Super Soft Spelt Flour Bread Buns

Super Soft Spelt Flour Bread Buns (bread machine dough)


These soft spelt flour bread buns are pillowy, feel a little luxurious (with the butter and egg) and taste amazing with pretty much everything from a burger to strong cheddar stuffed between them.

I’ve been making spelt bread in my bread machine for a couple of years now. Sometimes I make a loaf and bake the bread in situ. Other times, like with these spelt bread buns, I use the machine to make the dough and then do the rest by hand. I love spelt flour (obvs) but sometimes find the way it behaves in bread a little unpredictable. Blow-outs occur with more frequency than with regular flour and the bread can bake a little lopsided.


Super Soft Spelt Flour Bread Buns (bread machine dough)


I’ve tried pretty much everything to prevent this from happening. Although the taste and texture is no way impaired, it can make spelt flour bread buns in particular look a little ugly (ah, poor buggers). I have found it helps to allow the bread to have a long proofing before baking and using a lower temperature. I also score them before putting them in the oven. In the past, I’ve tried using steam to bake bread, too. 


Super Soft Spelt Flour Bread Buns (bread machine dough)


This time (when the photos were taken), the soft spelt flour bread buns rose so well that when baked, they just kind of merged into one. I liked it, though. It made the middles super soft. If you’d rather they didn’t become one, just place the dough balls futher apart.

I’ve made this recipe a million and one times (or so it feels) and it never fails. I’ve also used the dough recipe to make sweet bread recipes, too.

If you like my recipe for super soft spelt bread buns, check out my other Bread Machine Bread Recipes.


Super Soft Spelt Flour Bread Buns

Course Side Dish
Prep Time 10 minutes
Cook Time 2 hours 30 minutes
Servings 6 buns


Dough (see note 1)

  • 250ml (1 cup) milk
  • 50g (3½ tbs) butter
  • 1 egg
  • 400-450g (3⅓ - 3¾ cups) spelt flour (see note 2)
  • 7g (2 tsp) dried yeast (see note 3)
  • 1 teaspoon sea salt
  • 1 tablespoon sugar


Bread Machine:

  • Add the milk, butter, and egg to your bread machine pan. Then add 400g (3⅓ cups) of flour, and the remaining ingredients. Take care to keep the yeast and salt separate as much as possible. Set your machine to make dough.
  • On a very well-floured surface (the dough will be very sticky) work in just as much flour as you need to make a soft, pliable, but still a little tacky, dough.

Stand Mixer:

  • Add the milk, butter, and egg to your stand mixer bowl. If the butter is straight out of the fridge, it won't combine with the other wet ingredients too much, but that's okay.
  • Then add 450g (3¾ cups) of flour, and the remaining ingredients. The dough should be sticky, but if you need more flour, just add a little at a time. Be careful: too much flour will result in dry bread.
  • Switch to a dough hook (if you have one) and allow the mixer to knead the dough for around 10 minutes, just until soft. The dough will still feel a little tacky to the touch, but will be able to slowly drop off the hook.
  • Cover the dough and leave to proof (until it has doubled in size - usually about an hour).
  • When the dough is ready, knock it back, and on a floured surface, form into a rough ball.

Both Methods:

  • Grease a baking dish or line an oven tray with baking paper.
  • Divide the dough into six pieces, and roll into balls.
  • Place the balls in the dish or on the tray with a little space between them (you want them to join together when baking, as this is what makes them so soft).
  • Cover with a tea towel and leave to rest for around 30 minutes.
  • Pre-heat the oven to 200°C (400°F).
  • Bake the buns for around 20 minutes, until nice and golden on top (they are ready when they sound hollow when tapped on the bottom).
  • Either allow to cool a little and then serve warm with dinner or eat them cold with your favourite filling. Enjoy!
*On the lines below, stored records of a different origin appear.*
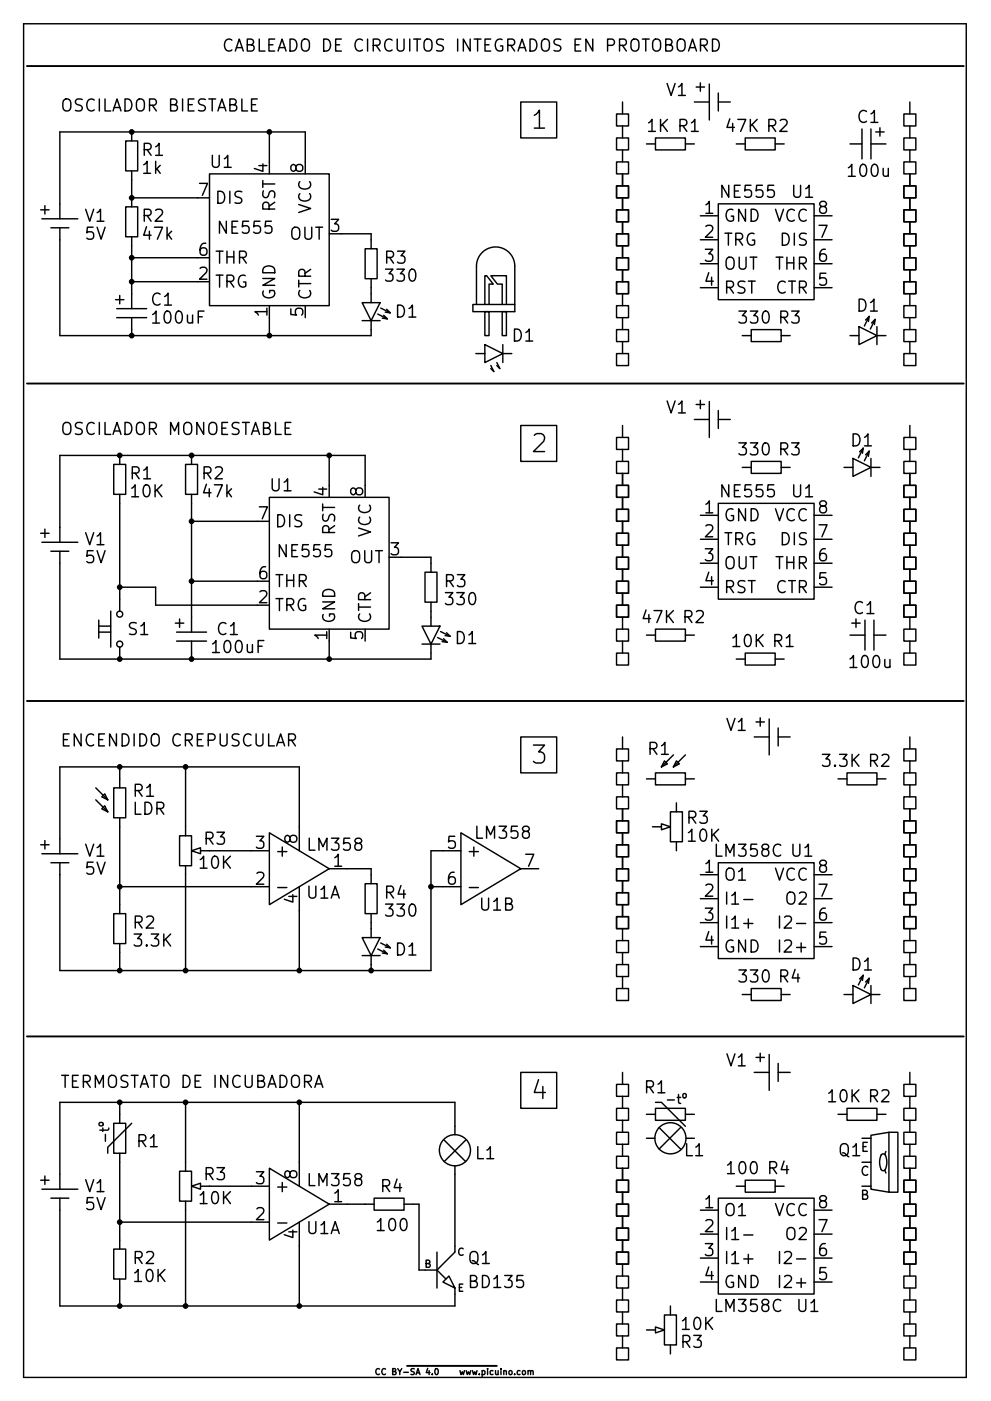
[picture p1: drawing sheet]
<svg xmlns="http://www.w3.org/2000/svg" width="210mm" height="297mm" viewBox="0 0 210 297" stroke-linecap="round" stroke-linejoin="round" font-family="sans-serif">
<g fill="none" stroke="#000" stroke-width=".3">
<path d="M5 5h200v287h-200zM147.7 18.5h1.8M148.6 17.6v1.7M150.5 17.8v7.6M151.2 8.3a1.34 1.34 0 0 1 1.4 .8 1.34 1.34 0 0 1-.5 1.6l-.9 .1zM152.4 19.7v3.8M26.7 29.9h2.5v6.3h-2.5zM27.9 28v1.9M27.9 36.2v7.7M44.4 36.9h25.4v27.9h-25.4zM57.1 28v6.3M64.8 34.3v-6.3h-52.1v18.4"/>
<path d="M110.5 21.6h7.6v7.6h-7.6zM130.8 39.4h2.5v2.5h-2.5zM130.8 34.3h2.5v2.6h-2.5zM130.8 29.2h2.5v2.6h-2.5zM130.8 24.2h2.5v2.5h-2.5zM132.1 21.6v2.6M132.1 26.7v2.5M132.1 31.8v2.5M132.1 36.9v2.5M137.2 30.5h1.9M139.1 29.2h6.3v2.6h-6.3zM145.4 30.5h1.9"/>
<path d="M147.3 21.6h3.2M152.4 21.6h2.5M156.2 30.5h1.9M158.1 29.2h6.4v2.6h-6.4zM164.5 30.5h1.9M180.3 30.5h2.6M182.9 27.3v6.4M184.8 30.5h3.2M184.8 27.3v6.4M185.8 28h1.8M186.7 27.1v1.8M191.8 39.4h2.5v2.5h-2.5z"/>
<path d="M191.8 34.3h2.5v2.6h-2.5zM191.8 29.2h2.5v2.6h-2.5zM191.8 24.2h2.5v2.5h-2.5zM193 21.6v2.6M193 26.7v2.5M193 31.8v2.5M193 36.9v2.5M8.6 44.5h1.8M8.9 46.4h7.6M9.5 43.6v1.8M10.8 48.3h3.8M12.7 48.3v22.9h66v-3.2"/>
<path d="M26.7 43.9h2.5v6.3h-2.5zM27.9 50.2v15.2M27.9 59.7h14M27.9 54.6h14M27.9 41.9h14M72.4 49.6h6.3v3.1M77.5 52.7h2.5v6.4h-2.5zM78.7 59.1v5.1M130.8 59.7h2.5v2.6h-2.5zM130.8 54.6h2.5v2.6h-2.5zM130.8 49.6h2.5v2.5h-2.5zM130.8 44.5h2.5v2.5h-2.5z"/>
<path d="M132.1 41.9v2.6M132.1 47v2.6M132.1 52.1v2.5M132.1 57.2v2.5M148.6 45.8h3.8M152.4 43.2h20.3v20.3h-20.3zM191.8 59.7h2.5v2.6h-2.5zM191.8 54.6h2.5v2.6h-2.5zM191.8 49.6h2.5v2.5h-2.5zM191.8 44.5h2.5v2.5h-2.5zM193 41.9v2.6M193 47v2.6"/>
<path d="M193 52.1v2.5M193 57.2v2.5M24.5 63.5h1.8M24.8 65.4h6.3M24.8 67.3h6.3M25.4 62.6v1.8M27.9 67.3v3.9M57.1 67.3v3.9M76.8 64.2h3.8l-1.9 3.8zM76.8 68h3.8M80.1 66.6l2.1 1M80.8 65.3l2 1"/>
<path d="M81.1 67.4l1.1 .2M81.4 66.8l.8 .8M81.7 66.2l1.1 .1M82 65.6l.8 .7M101 75h1.9M101.1 64.6v-8.2a4.1 4.1 0 0 1 4.1-4 4.1 4.1 0 0 1 4 4v9.7h-8.9v-1.5h8.9M102.9 66.1h.9v5.1h-.9zM102.9 73.1l3.8 1.9-3.8 1.9zM102.9 64.6v-6.1h.4l1.3 1.7h-.8v4.4M104.1 77.5l.7 1.3-.7-.7M105.4 76.9l.6 1.2-.6-.6M106.6 66.1h.8v5.1h-.8z"/>
<path d="M106.6 64.6v-4.4h-1.1l-1.4-1.7h3.3v6.1M106.7 75h1.9M106.7 73.1v3.8M130.8 75h2.5v2.5h-2.5zM130.8 69.9h2.5v2.5h-2.5zM130.8 64.8h2.5v2.5h-2.5zM132.1 62.3v2.5M132.1 67.3v2.6M132.1 72.4v2.6M157.5 71.2h1.9M159.4 69.9h6.3v2.5h-6.3zM165.7 71.2h1.9"/>
<path d="M180.3 71.2h1.9M182.2 69.3l3.9 1.9-3.9 1.9zM184.4 67.1l-1 2M184.4 67.1l-.1 1.1M184.4 67.1l-.8 .8M185.7 67.7l-1 2.1M185.7 67.7l-.2 1.1M185.7 67.7l-.8 .8M186.1 69.3v3.8M186.1 71.2h1.9M191.8 75h2.5v2.5h-2.5zM191.8 69.9h2.5v2.5h-2.5z"/>
<path d="M191.8 64.8h2.5v2.5h-2.5zM193 62.3v2.5M193 67.3v2.6M193 72.4v2.6M24.1 98.5h2.6v6.3h-2.6zM25.4 96.6v1.9M39.4 98.5h2.5v6.3h-2.5zM40.6 96.6v1.9M69.8 96.6v6.3M110.5 90.2h7.6v7.6h-7.6zM130.8 97.8h2.5v2.6h-2.5zM130.8 92.7h2.5v2.6h-2.5z"/>
<path d="M132.1 90.2v2.5M132.1 95.3v2.5M147.3 88.9h3.2M147.7 85.8h1.8M148.6 84.9v1.8M150.5 85.1v7.6M152.4 87v3.8M152.4 88.9h2.5M157.5 99.1h1.9M159.4 97.8h6.3v2.6h-6.3zM165.7 99.1h1.9M179.1 99.1h1.9"/>
<path d="M181 97.2l3.8 1.9-3.8 1.9zM183 96.1l.1-1.1-1 2.1M184.4 95.7l-1 2M184.4 95.7l-.1 1M184.4 95.7l-.8 .7M184.8 97.2v3.8M184.8 99.1h1.9M191.8 97.8h2.5v2.6h-2.5zM191.8 92.7h2.5v2.6h-2.5zM193 90.2v2.5M193 95.3v2.5M8.6 113.1h1.8"/>
<path d="M8.9 115h7.6M9.5 112.2v1.8M10.8 116.9h3.8M12.7 116.9v22.8h78.7v-3.1M25.4 104.8v24.8M40.6 104.8v29.2M40.6 110.5h14M57.1 105.4h25.4v28h-25.4zM77.5 102.9v-6.3h-64.8v18.4M85.1 118.1h6.3v3.2M130.8 118.1h2.5v2.6h-2.5zM130.8 113.1h2.5v2.5h-2.5z"/>
<path d="M130.8 108h2.5v2.5h-2.5zM130.8 102.9h2.5v2.5h-2.5zM132.1 100.4v2.5M132.1 105.4v2.6M132.1 110.5v2.6M132.1 115.6v2.5M148.6 109.3h3.8M152.4 106.7h20.3v20.3h-20.3zM191.8 118.1h2.5v2.6h-2.5zM191.8 113.1h2.5v2.5h-2.5zM191.8 108h2.5v2.5h-2.5zM191.8 102.9h2.5v2.5h-2.5z"/>
<path d="M193 100.4v2.5M193 105.4v2.6M193 110.5v2.6M193 115.6v2.5M21 134h2.5M21 131.5v3.8M21 132.8h2.5M23.5 129.6v7.6M25.4 137.2v2.5M25.4 124.5h7.6v3.8h21.6M37.2 132.1h1.8M37.5 134h6.3"/>
<path d="M37.5 135.9h6.3M38.1 131.2v1.8M40.6 135.9v3.8M40.6 123.2h14M69.8 135.9v3.8M89.5 132.8h3.8l-1.9 3.8zM89.5 136.6h3.8M90.2 121.3h2.5v6.4h-2.5zM91.4 127.7v5.1M92.8 135.2l2.1 1M93.5 133.9l2 1M93.8 136l1.1 .2"/>
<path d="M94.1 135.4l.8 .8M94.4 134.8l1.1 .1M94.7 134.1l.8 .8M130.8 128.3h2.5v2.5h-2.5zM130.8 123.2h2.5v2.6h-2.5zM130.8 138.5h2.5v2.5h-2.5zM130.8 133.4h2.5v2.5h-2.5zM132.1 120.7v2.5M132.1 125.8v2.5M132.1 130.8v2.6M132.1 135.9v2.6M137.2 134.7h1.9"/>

  1. I have made the dough using both a stand mixer and bread machine with identical results. I have not made the dough by hand, but I see no reason why you couldn't do so!
  2. You can use spelt or regular flour for this recipe (just use the same amount).
  3. In Sweden we have something called dried yeast. It is used both in warm liquid to proof and also added directly to flour. I am aware that the US has two options for dried yeast, and I believe dry active yeast is the most similar to our dried yeast.
I have converted grams to cups/ounces/tablespoons using online converters. Although I have no reason to believe they are inaccurate, please be aware that I have not made the recipe with imperial measurements.
In addition, many ingredients are different in Europe compared to North America. I do all I can to offer possible alternatives and to ensure the best possible outcomes for everyone. However, results cannot always be guaranteed if you have not used the same ingredients, measurements or methods as me.
Lastly, I do everything I can to ensure that my recipes (and instructions) are accurate and easy to follow. However, I am human, and don't always get it right. If you notice anything strange, a mistake, or even a typo, please let me know in the comments.